3-agent workflows that cost $5–50 in demos reach $18,000–90,000/month at scale
Response times jump from 1–3 seconds to 10–40 seconds per request
Reliability drops from 95–98% in pilots to 80–87% under production load

The underlying cause: every inter-agent handoff requires token-intensive context reconstruction.
The parent encodes its state into a prompt; the subagent re-processes the entire relevant context
from scratch. Multiplied across many agents and many calls, the token budget explodes.

Cursor's background agents add a different dimension: cloud environment reliability.
User-reported failures include Docker builds failing during apt-get update, git branch
push failures, connection dropouts that stall agents mid-task, and cloud environment
initialization errors. The compute is remote and shared, so failures that don't exist
locally appear at scale.

Where each system struggles

[Interactive chart — see original post]
The chart reflects the research above. Claude Code is strong on environment reliability
(local execution) but has no mechanism for context continuity or parallel conflict handling.
Cursor partially addresses parallelism through Git worktrees but has the opposite reliability
profile — cloud execution introduces environment failures. Devin avoids parallel agents
entirely and invests heavily in error recovery through its review agent, which is why
it scores high on those axes but zero on parallel conflict handling.
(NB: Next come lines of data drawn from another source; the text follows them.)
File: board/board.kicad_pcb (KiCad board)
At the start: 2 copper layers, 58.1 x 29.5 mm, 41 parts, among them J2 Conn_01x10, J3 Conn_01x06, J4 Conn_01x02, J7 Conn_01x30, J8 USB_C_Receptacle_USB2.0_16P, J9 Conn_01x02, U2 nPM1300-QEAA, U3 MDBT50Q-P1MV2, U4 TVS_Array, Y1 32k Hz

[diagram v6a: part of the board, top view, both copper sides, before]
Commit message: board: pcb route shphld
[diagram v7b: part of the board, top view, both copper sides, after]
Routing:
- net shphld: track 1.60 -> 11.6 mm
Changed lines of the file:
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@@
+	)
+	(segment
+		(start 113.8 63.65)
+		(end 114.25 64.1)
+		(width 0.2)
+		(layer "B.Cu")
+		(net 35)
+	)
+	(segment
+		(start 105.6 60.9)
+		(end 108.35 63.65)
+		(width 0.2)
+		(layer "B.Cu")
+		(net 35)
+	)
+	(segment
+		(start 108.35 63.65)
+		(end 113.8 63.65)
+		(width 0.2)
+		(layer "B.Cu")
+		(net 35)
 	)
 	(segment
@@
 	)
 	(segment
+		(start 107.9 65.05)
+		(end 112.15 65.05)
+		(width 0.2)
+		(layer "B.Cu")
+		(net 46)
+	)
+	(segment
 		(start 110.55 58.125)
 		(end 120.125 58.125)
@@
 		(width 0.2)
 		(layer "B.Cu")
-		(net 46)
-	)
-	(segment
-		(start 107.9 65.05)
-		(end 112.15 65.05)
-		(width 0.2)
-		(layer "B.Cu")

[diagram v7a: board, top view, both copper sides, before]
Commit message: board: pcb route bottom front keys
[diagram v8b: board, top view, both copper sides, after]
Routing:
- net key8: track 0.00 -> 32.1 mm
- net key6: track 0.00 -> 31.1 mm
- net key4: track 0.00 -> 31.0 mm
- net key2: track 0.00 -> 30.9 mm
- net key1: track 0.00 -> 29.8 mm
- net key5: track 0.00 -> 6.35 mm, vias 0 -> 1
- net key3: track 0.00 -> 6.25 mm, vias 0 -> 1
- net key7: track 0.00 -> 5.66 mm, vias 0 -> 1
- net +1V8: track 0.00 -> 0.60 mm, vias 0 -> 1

No system in the current survey scores well across all five dimensions. Context continuity
is the universal weak spot.

Why better models don't fix this

The 2026 AI Agent Report
is direct:

"Most multi-agent failures aren't caused by weak models — they're caused by weak
reasoning architecture. Orchestrating multiple agents with divergent goals, conflicting
information, and cascading failures requires architectural discipline."

Code quality compounds the issue. A January 2026 Stack Overflow Blog analysis
found that AI-generated code includes bugs at 1.5–2x the rate of human-written code when
supervision gaps exist, with 3x the readability issues. Multi-agent workflows create
supervision gaps by design — no single reviewer sees the whole picture.

The integration layer is where failures originate: how agents hand off state, coordinate
writes, report progress, and signal when they're stuck. Models are getting better;
orchestration architecture largely isn't.

What the research says works

The GitHub Blog identifies several patterns that prevent the most common failures:

Typed schemas for inter-agent messages. Without explicit contracts between agents,
every handoff is a natural language interpretation problem. Typed schemas eliminate a
class of coordination errors before they happen.

Explicit handoff contracts. The orchestrator maintains state; workers are stateless
and only know what the orchestrator tells them per-invocation. This is the "Main Agent
as Project Manager" pattern formalized. It's more overhead to design but dramatically
reduces inter-agent confusion.

Budget meters and permission gates. Catching runaway token consumption before it
becomes a $90,000 surprise requires active monitoring. Permission gates before
destructive or expensive operations give the system a chance to pause.

Observable task state. When agents can report their current status to a shared
registry — not just to their own context — the orchestrator and user can see what's
happening and intervene. This is the problem the
task registry design addresses.

Checkpointing over re-discovery. Explicit handoff documents (a structured summary
of what's been done, what constraints apply, what decisions have been made) reduce
context amnesia. The cost of writing a handoff document is cheaper than the cost of
a subagent re-exploring the same territory.